As an illustrative example: If I roll 12 dice of 6 sides, what's the probability of having M dice with a value <3, N dice with a value >=3 and <4, and P dice with a value >5, for all possible combinations of M, N, and P?

So, I think that I'll close this question in a few days while I go with this new approach. Thank you for all the feedback and your time!


Solution

  • The number tuples that list(product(range(1,7), repeats=12)) makes is 6**12, 2,176,782,336. Whether a list or array that's probably too large for most computers.

    In [119]: len(list(product(range(1,7),repeat=12)))
    ....
    MemoryError:
    

    Trying to make an array of that size directly:

    In [129]: A = np.ones((6**12,12),int)
    ---------------------------------------------------------------------------
    ValueError                                Traceback (most recent call last)
    <ipython-input-129-e833a9e859e0> in <module>()
    ----> 1 A = np.ones((6**12,12),int)
    
    /usr/local/lib/python3.5/dist-packages/numpy/core/numeric.py in ones(shape, dtype, order)
        190 
        191     """
    --> 192     a = empty(shape, dtype, order)
        193     multiarray.copyto(a, 1, casting='unsafe')
        194     return a
    
    ValueError: Maximum allowed dimension exceeded
    

    Array memory size, 4 bytes per item

    In [130]: 4*12*6**12
    Out[130]: 104,485,552,128
    

    100GB?

    Why do you need to generate 2B combinations of 7 numbers?


    So with your Counter you reduce the number of items

    In [138]: sp = sorted_product(range(1,7), 2)
    In [139]: counter=Counter(sp)
    In [140]: counter
    Out[140]: 
    Counter({(1, 1): 1,
             (1, 2): 2,
             (1, 3): 2,
             (1, 4): 2,
             (1, 5): 2,
             (1, 6): 2,
             (2, 2): 1,
             (2, 3): 2,
             (2, 4): 2,
             (2, 5): 2,
             (2, 6): 2,
             (3, 3): 1,
             (3, 4): 2,
             (3, 5): 2,
             (3, 6): 2,
             (4, 4): 1,
             (4, 5): 2,
             (4, 6): 2,
             (5, 5): 1,
             (5, 6): 2,
             (6, 6): 1})
    

    from 36 to 21 (for 2 repetitions). It shouldn't be hard to generalize this to more repetitions (combinations? permutations?) It still will push time and/or memory boundaries.

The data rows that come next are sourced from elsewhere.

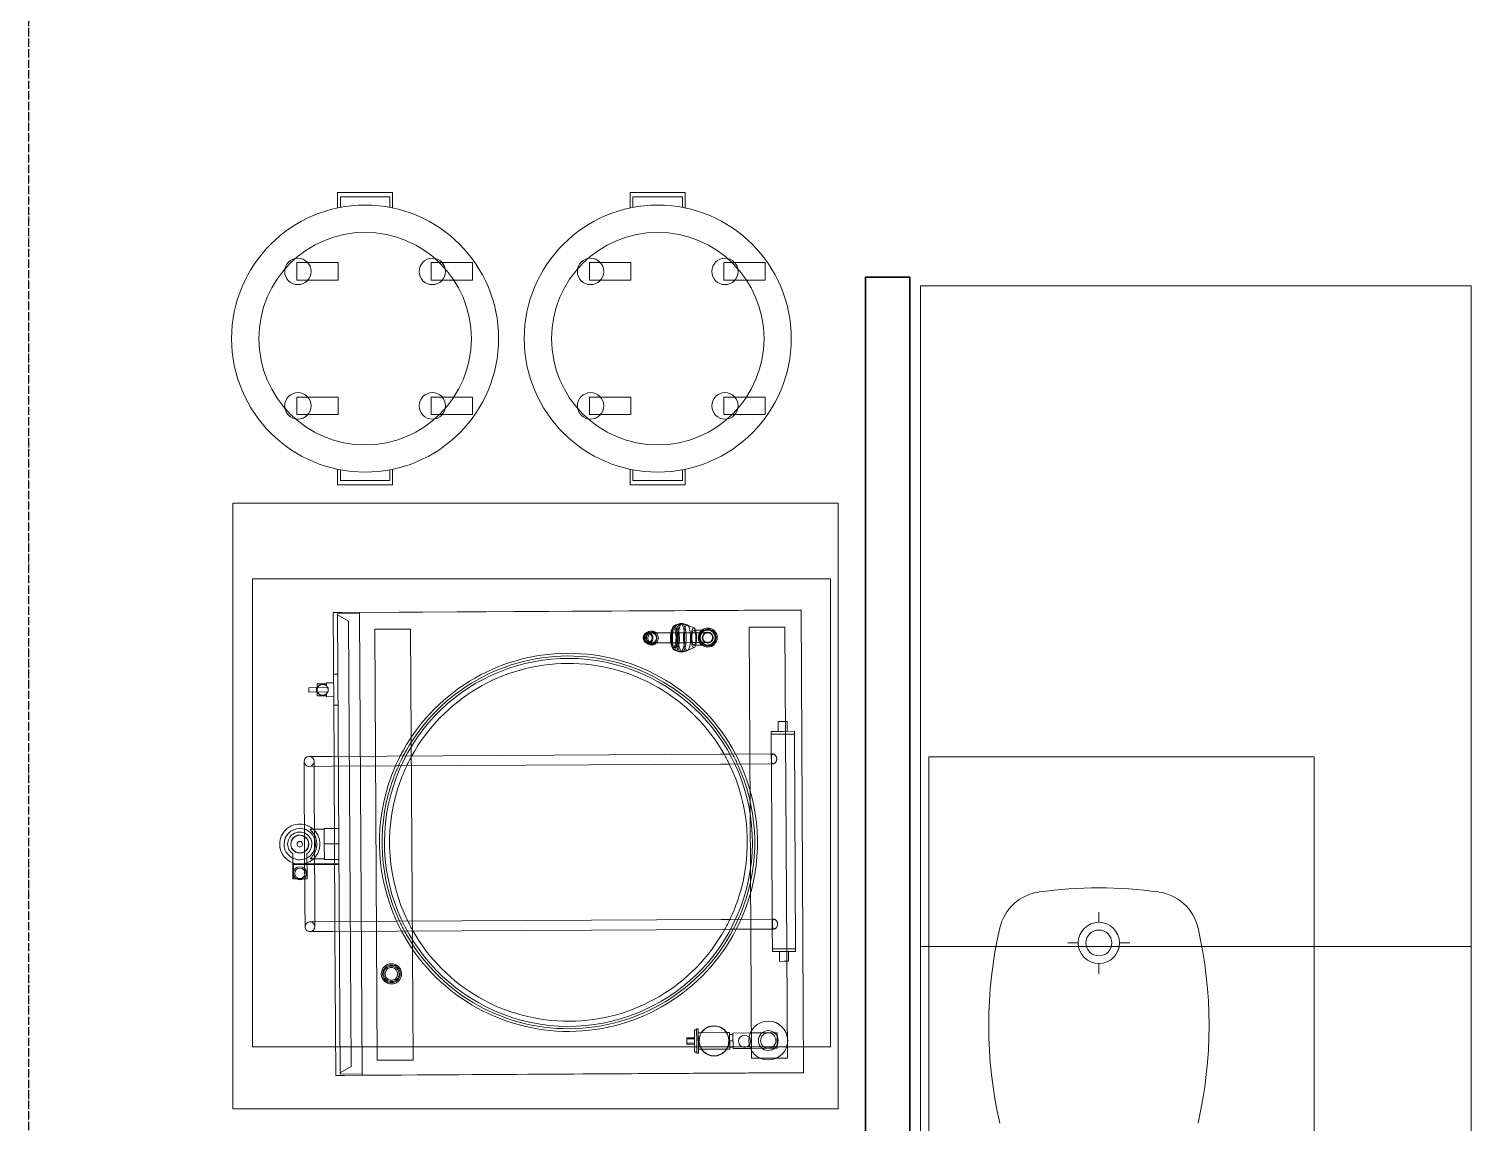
# Model space of a CAD drawing. Header units: millimetres. Extents: x 2162 to 93478, y -2737 to 52379.
# Drawn here: x 48192 to 50812, y 10528 to 12516 of the extents above; entities that cross this region are included whole.
import ezdxf

# ---------------------------------------------------------------- set-up
doc = ezdxf.new("R2010")
doc.units = ezdxf.units.MM
doc.linetypes.add('Штрихпунктир 15 х 2 х 2 мм', pattern=[19, 15, -2, 0, -2])
doc.linetypes.add('Штрихпунктирная', pattern=[30, 25, -2.25, 0.5, -2.25])
doc.layers.add('Axes', color=40, linetype='Штрихпунктирная')
doc.layers.add('equipment 1', color=4, linetype='Continuous', lineweight=9)
doc.layers.add('Wall', color=5, linetype='Continuous', lineweight=9)

# ---------------------------------------------------------------- blocks, each defined once
blk = doc.blocks.new('A$C23476BF2')
at = {"color": 0}
for p, q in [((-474.2, 678.5), (359.8, 683.1)), ((-442.2, 678.2), (359.8, 682.6)), ((364.4, -157.9), (359.8, 683.1)), ((-488.7, 417), (-490.2, 678.5)), ((-490.2, 678.5), (-474.2, 678.5)), ((-482.2, 676), (-442.2, 676.2)), ((-477.6, -160), (-482.2, 676)), ((-462.1, 662.6), (-482.1, 674)), ((-457.7, -146.3), (-462.1, 662.6)), ((-442.2, 676.2), (-442.2, 678.2)), ((-442.2, 676.2), (-437.6, -159.8)), ((128.9, 654.3), (131.4, 655.4)), ((140.9, 658.2), (143.6, 658.2)), ((140.9, 658.2), (140.9, 658.2)), ((165.5, 650.4), (153.3, 655.5)), ((-414.5, 647.9), (-349.5, 648.2)), ((-410.2, -135.1), (-414.5, 647.9)), ((-345.2, -134.8), (-349.5, 648.2)), ((79, 641.8), (80.7, 642.4)), ((79.6, 639.9), (85, 641.9)), ((80.7, 642.4), (83.5, 643.5)), ((86.7, 644.6), (89.2, 644.6)), ((99.7, 641.2), (89.2, 641.1)), ((127.4, 650.8), (129.6, 650.8)), ((164.9, 646), (168.2, 646)), ((168.2, 646), (182.8, 646.1)), ((182.8, 646.1), (190, 646.2)), ((265.5, 651.6), (330.5, 651.9)), ((269.8, -131.4), (265.5, 651.6)), ((334.8, -131.1), (330.5, 651.9)), ((79.1, 622.3), (80.8, 621.7)), ((79.6, 624.2), (85.1, 622.2)), ((80.8, 621.7), (83.7, 620.7)), ((86.8, 619.6), (89.3, 619.6)), ((99.8, 623.2), (89.3, 623.1)), ((127.6, 613.8), (129.8, 613.8)), ((129.1, 610.4), (131.6, 609.3)), ((141.2, 606.6), (143.9, 606.6)), ((141.2, 606.6), (141.2, 606.6)), ((165.7, 614.7), (153.6, 609.4)), ((165.1, 619), (168.3, 619)), ((168.3, 619), (182.9, 619.1)), ((182.9, 619.1), (190.2, 619.2)), ((-502.5, 550.4), (-489.5, 550.5)), ((-502.4, 545), (-502.5, 550.4)), ((-489.6, 566), (-481.6, 566)), ((-499.4, 541.9), (-534.4, 541.7)), ((-534.4, 533.7), (-534.4, 541.7)), ((-499.4, 533.9), (-534.4, 533.7)), ((-520.4, 533.8), (-520.4, 541.8)), ((-519.5, 548.8), (-502.5, 548.9)), ((-519.4, 541.8), (-519.5, 548.8)), ((-519.4, 537.8), (-519.4, 541.8)), ((-519.4, 533.8), (-519.4, 537.8)), ((-519.3, 526.8), (-519.4, 533.8)), ((-519.3, 526.8), (-502.3, 526.9)), ((-502.3, 525.4), (-502.4, 530.8)), ((-502.3, 525.4), (-489.3, 525.5)), ((-499.4, 533.9), (-499.4, 541.9)), ((-489.2, 510), (-481.2, 510)), ((326.4, 480.1), (318.3, 480)), ((318.3, 480), (318.4, 462.4)), ((334.5, 480.1), (326.4, 480.1)), ((334.5, 480.1), (334.6, 462.4)), ((326.5, 462.4), (305.5, 462.3)), ((305.5, 462.3), (305.5, 457.3)), ((326.5, 457.4), (305.5, 457.3)), ((305.5, 457.3), (305.7, 421.3)), ((347.5, 462.5), (326.5, 462.4)), ((347.5, 457.5), (326.5, 457.4)), ((347.5, 462.5), (347.5, 457.5)), ((347.5, 457.5), (349.7, 67.5)), ((213, 420.8), (-492.9, 416.9)), ((213, 420.8), (229.6, 420.9)), ((229.6, 420.9), (308.8, 421.3)), ((305.7, 421.3), (305.8, 403.3)), ((-542.9, 407.7), (-542.7, 366.7)), ((-533.9, 416.7), (-492.9, 416.9)), ((-492.8, 398.9), (-533.8, 398.7)), ((-524.8, 398.8), (-524.9, 407.8)), ((-524.7, 366.8), (-524.8, 398.8)), ((213.1, 402.8), (-492.8, 398.9)), ((-488.6, 399), (-488.7, 417)), ((-487.1, 117), (-488.6, 399)), ((229.7, 402.9), (213.1, 402.8)), ((229.7, 402.9), (308.9, 403.3)), ((305.8, 403.3), (307.4, 121.3)), ((-542.7, 366.7), (-541.5, 148.7)), ((-524.7, 366.8), (-523.5, 148.8)), ((-532.2, 284.7), (-524.2, 284.8)), ((-524.2, 284.8), (-506.5, 284.9)), ((-506.5, 286), (-488, 286.1)), ((-506.4, 257.9), (-506.5, 286)), ((-488, 286.1), (-480, 286.2)), ((-563.8, 239.8), (-563.5, 194.6)), ((-537.5, 194.7), (-537.8, 239.9)), ((-506.4, 257.9), (-487.9, 258)), ((-506.2, 229.7), (-506.4, 257.9)), ((-487.9, 258), (-479.9, 258)), ((-523.9, 221.8), (-563.7, 221.6)), ((-562.2, 220.1), (-523.9, 220.3)), ((-562.1, 209.1), (-562.2, 220.1)), ((-531.9, 230.7), (-523.9, 230.8)), ((-523.9, 230.8), (-506.2, 230.9)), ((-487.7, 222), (-523.9, 221.8)), ((-523.9, 220.3), (-487.7, 220.5)), ((-506.2, 229.7), (-487.7, 229.8)), ((-487.7, 229.8), (-479.7, 229.9)), ((-479.7, 222), (-487.7, 222)), ((-487.7, 220.5), (-479.7, 220.5)), ((-563.5, 196.6), (-562, 196.6)), ((-563.5, 194.6), (-541.7, 194.7)), ((-562.1, 209.1), (-562, 196.6)), ((-541.7, 194.7), (-537.5, 194.7)), ((-541.5, 148.7), (-541.3, 107.7)), ((-523.3, 116.8), (-523.5, 148.8)), ((-532.3, 116.7), (-491.3, 116.9)), ((-523.3, 107.8), (-523.3, 116.8)), ((-491.3, 116.9), (214.6, 120.8)), ((-487, 99), (-487.1, 117)), ((214.6, 120.8), (231.3, 120.9)), ((231.3, 120.9), (310.4, 121.3)), ((307.4, 121.3), (307.5, 103.3)), ((-491.2, 98.9), (-532.2, 98.7)), ((-491.2, 98.9), (214.7, 102.8)), ((-485.6, -162.5), (-487, 99)), ((231.4, 102.9), (214.7, 102.8)), ((231.4, 102.9), (310.5, 103.3)), ((307.5, 103.3), (307.7, 67.3)), ((328.7, 67.4), (307.7, 67.3)), ((307.7, 62.3), (307.7, 67.3)), ((328.7, 62.4), (307.7, 62.3)), ((320.7, 44.7), (320.6, 62.4)), ((349.7, 67.5), (328.7, 67.4)), ((349.7, 62.5), (328.7, 62.4)), ((336.9, 44.8), (336.8, 62.5)), ((349.7, 62.5), (349.7, 67.5)), ((328.8, 44.8), (320.7, 44.7)), ((336.9, 44.8), (328.8, 44.8)), ((170, -78), (173, -77.9)), ((170.1, -100), (170, -78)), ((173, -84.9), (173, -77.9)), ((152, -94.1), (166, -94)), ((152.1, -96.1), (152, -94.1)), ((152.1, -96.1), (166.1, -96)), ((152.1, -104.1), (152.1, -96.1)), ((152.1, -104.1), (166.1, -104)), ((152.1, -106.1), (152.1, -104.1)), ((166.1, -95.9), (166, -80)), ((166, -80), (170, -80)), ((166.1, -96), (166.1, -95.9)), ((166.1, -100), (166.1, -96)), ((166.1, -104), (166.1, -100)), ((166.1, -104), (166.1, -104)), ((166.2, -120), (166.1, -104)), ((170.2, -122), (170.1, -100)), ((173, -84.9), (178.4, -84.9)), ((173.2, -114.9), (173, -84.9)), ((178.4, -84.9), (224.5, -84.7)), ((224.5, -84.7), (230, -84.6)), ((230.2, -114.6), (230, -84.6)), ((230, -87.9), (236, -87.9)), ((230.1, -99.6), (236.1, -99.6)), ((267.6, -85.4), (236, -85.6)), ((236, -85.6), (236.2, -113.6)), ((300, -85.3), (267.6, -85.4)), ((316, -85.2), (300, -85.3)), ((316.2, -113.2), (316, -85.2)), ((152.1, -106.1), (166.1, -106)), ((166.2, -120), (170.2, -120)), ((170.2, -122), (173.2, -121.9)), ((173.2, -114.9), (178.6, -114.9)), ((173.2, -121.9), (173.2, -114.9)), ((178.6, -114.9), (224.7, -114.7)), ((224.7, -114.7), (230.2, -114.6)), ((230.1, -111.3), (236.1, -111.3)), ((236.2, -113.6), (267.8, -113.4)), ((267.8, -113.4), (300.2, -113.2)), ((300.2, -113.2), (316.2, -113.2)), ((-457.7, -146.3), (-477.6, -158)), ((-410.2, -135.1), (-345.2, -134.8)), ((269.8, -131.4), (334.8, -131.1)), ((-469.6, -162.4), (-485.6, -162.5)), ((-477.6, -160), (-437.6, -159.8)), ((-469.6, -162.4), (364.4, -157.9)), ((-437.6, -161.8), (364.4, -157.4)), ((-437.6, -161.8), (-437.6, -159.8))]:
    blk.add_line(p, q, dxfattribs=at)
for centre, radius, start, end in [((190.1, 632.7), 17.3, 128.9681, 231.6553), ((190.1, 632.7), 15.3, 144.3196, 161.9468), ((190.1, 632.7), 15.3, 90.3117, 144.3196), ((190.1, 632.7), 14.5, 90.3117, 145.5381), ((190.1, 632.7), 13.5, 90.3117, 144.4555), ((190.1, 632.7), 17.3, 90.3117, 128.9681), ((190.1, 632.7), 10, 116.1536, 244.4698), ((190.1, 632.7), 10, 90.3117, 116.1536), ((190.1, 632.7), 17.3, 270.3117, 90.3117), ((190.1, 632.7), 15.3, 270.3117, 90.3117), ((190.1, 632.7), 14.5, 270.3117, 90.3117), ((190.1, 632.7), 13.5, 270.3117, 90.3117), ((190.1, 632.7), 10, 270.3117, 90.3117), ((-62.9, 260.8), 343.4, 27.8017, 152.8217), ((190.1, 632.7), 15.3, 198.6766, 216.3038), ((190.1, 632.7), 15.3, 216.3038, 270.3117), ((190.1, 632.7), 14.5, 215.0853, 270.3117), ((190.1, 632.7), 13.5, 216.1679, 270.3117), ((190.1, 632.7), 17.3, 231.6553, 270.3117), ((190.1, 632.7), 10, 244.4698, 270.3117), ((-62.9, 260.8), 334.1, 342.4275, 162.4275), ((-62.9, 260.8), 338.5, 28.232, 152.3914), ((-62.9, 260.8), 325, 29.5007, 151.1227), ((-509.4, 537.9), 10, 156.7335, 180.3117), ((-509.4, 537.9), 10, 180.3117, 203.8899), ((-509.4, 537.9), 10, 23.8899, 156.7335), ((-509.4, 537.9), 10, 203.8899, 336.7335), ((-509.4, 537.9), 10, 0.3117, 23.8899), ((-509.4, 537.9), 10, 336.7335, 0.3117), ((-62.9, 260.8), 325, 25.9258, 29.5007), ((-62.9, 260.8), 338.5, 24.8352, 28.232), ((-62.9, 260.8), 343.4, 24.4646, 27.8017), ((-533.9, 407.7), 9, 90.3117, 180.3117), ((-533.9, 407.7), 9, 180.3117, 270.3117), ((-533.9, 407.7), 9, 0.3117, 90.3117), ((-533.9, 407.7), 9, 270.3117, 0.3117), ((-62.9, 260.8), 343.4, 156.1588, 162.4275), ((-62.9, 260.8), 338.5, 155.7882, 162.4275), ((-62.9, 260.8), 343.4, 152.8217, 156.1588), ((-62.9, 260.8), 325, 154.6976, 162.4275), ((-62.9, 260.8), 338.5, 152.3914, 155.7882), ((-62.9, 260.8), 325, 151.1227, 154.6976), ((-62.9, 260.8), 325, 342.4275, 25.9258), ((-62.9, 260.8), 338.5, 342.4275, 24.8352), ((-62.9, 260.8), 343.4, 342.4275, 24.4646), ((-62.9, 260.8), 343.4, 162.4275, 204.6476), ((-62.9, 260.8), 338.5, 162.4275, 205.0214), ((-62.9, 260.8), 334.1, 162.4275, 342.4275), ((-62.9, 260.8), 325, 162.4275, 206.1215), ((-550.9, 257.6), 36.5, 76.3663, 180.3117), ((-550.9, 257.6), 36.5, 43.0764, 76.3663), ((-550.9, 257.6), 28.5, 0.3117, 180.3117), ((-550.9, 257.6), 22, 66.7438, 180.3117), ((-550.9, 257.6), 16.5, 58.0955, 180.3117), ((-550.9, 257.6), 16, 0.3117, 180.3117), ((-550.9, 257.6), 5, 0.3117, 180.3117), ((-550.9, 257.6), 22, 0.3117, 66.7438), ((-550.9, 257.6), 16.5, 0.3117, 58.0955), ((-550.9, 257.6), 36.5, 0.3117, 43.0764), ((-550.9, 257.6), 36.5, 180.3117, 249.4469), ((-550.9, 257.6), 28.5, 180.3117, 0.3117), ((-550.9, 257.6), 22, 180.3117, 234.0902), ((-550.9, 257.6), 16.5, 180.3117, 302.5279), ((-550.9, 257.6), 16, 180.3117, 0.3117), ((-550.9, 257.6), 5, 180.3117, 0.3117), ((-550.9, 257.6), 16.5, 302.5279, 0.3117), ((-550.9, 257.6), 22, 306.5332, 0.3117), ((-550.9, 257.6), 36.5, 317.547, 0.3117), ((-550.9, 257.6), 36.5, 249.4469, 317.547), ((-550.6, 204.6), 12, 0.3117, 180.3117), ((-550.6, 204.6), 9.5, 0.3117, 180.3117), ((-550.6, 204.6), 12, 180.3117, 237.0283), ((-550.6, 204.6), 9.5, 180.3117, 0.3117), ((-550.6, 204.6), 12, 237.0283, 303.5951), ((-550.6, 204.6), 12, 303.5951, 0.3117), ((-62.9, 260.8), 325, 334.5019, 342.4275), ((-62.9, 260.8), 338.5, 335.602, 342.4275), ((-62.9, 260.8), 343.4, 335.9758, 342.4275), ((-532.3, 107.7), 9, 90.3117, 180.3117), ((-532.3, 107.7), 9, 180.3117, 270.3117), ((-532.3, 107.7), 9, 0.3117, 90.3117), ((-532.3, 107.7), 9, 270.3117, 0.3117), ((-62.9, 260.8), 343.4, 204.6476, 207.99), ((-62.9, 260.8), 338.5, 205.0214, 208.4237), ((-62.9, 260.8), 325, 206.1215, 209.7029), ((-62.9, 260.8), 325, 330.9205, 334.5019), ((-62.9, 260.8), 338.5, 332.1997, 335.602), ((-62.9, 260.8), 343.4, 332.6334, 335.9758), ((-62.9, 260.8), 343.4, 207.99, 332.6334), ((-62.9, 260.8), 338.5, 208.4237, 332.1997), ((-62.9, 260.8), 325, 209.7029, 330.9205), ((-384.4, 22), 18.4, 79.6561, 259.6561), ((-384.4, 22), 16, 79.6561, 259.6561), ((-384.4, 22), 14, 79.6561, 259.6561), ((-384.4, 22), 11.5, 79.6561, 259.6561), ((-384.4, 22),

    A variant on meshgrid using mgrid:

    In [175]: n=7; A=np.mgrid[[slice(1,7)]*n].reshape(n,-1).T
    In [176]: A.shape
    Out[176]: (279936, 7)
    In [177]: B=np.array(list(product(range(1,7),repeat=7)))
    In [178]: B.shape
    Out[178]: (279936, 7)
    In [179]: A[:10]
    Out[179]: 
    array([[1, 1, 1, 1, 1, 1, 1],
           [1, 1, 1, 1, 1, 1, 2],
           [1, 1, 1, 1, 1, 1, 3],
           [1, 1, 1, 1, 1, 1, 4],
           [1, 1, 1, 1, 1, 1, 5],
           [1, 1, 1, 1, 1, 1, 6],
           [1, 1, 1, 1, 1, 2, 1],
           [1, 1, 1, 1, 1, 2, 2],
           [1, 1, 1, 1, 1, 2, 3],
           [1, 1, 1, 1, 1, 2, 4]])
    In [180]: B[:10]
    Out[180]: 
    array([[1, 1, 1, 1, 1, 1, 1],
           [1, 1, 1, 1, 1, 1, 2],
           [1, 1, 1, 1, 1, 1, 3],
           [1, 1, 1, 1, 1, 1, 4],
           [1, 1, 1, 1, 1, 1, 5],
           [1, 1, 1, 1, 1, 1, 6],
           [1, 1, 1, 1, 1, 2, 1],
           [1, 1, 1, 1, 1, 2, 2],
           [1, 1, 1, 1, 1, 2, 3],
           [1, 1, 1, 1, 1, 2, 4]])
    In [181]: np.allclose(A,B)
    

    mgrid is quite a bit faster:

    In [182]: timeit B=np.array(list(product(range(1,7),repeat=7)))
    317 ms ± 3.58 ms per loop (mean ± std. dev. of 7 runs, 1 loop each)
    In [183]: timeit A=np.mgrid[[slice(1,7)]*n].reshape(n,-1).T
    13.9 ms ± 242 µs per loop (mean ± std. dev. of 7 runs, 100 loops each)
    

    but, yes, it will have the same overall memory usage and limit.

    With n=10,

    ValueError: array is too big; `arr.size * arr.dtype.itemsize` is larger than the maximum possible size.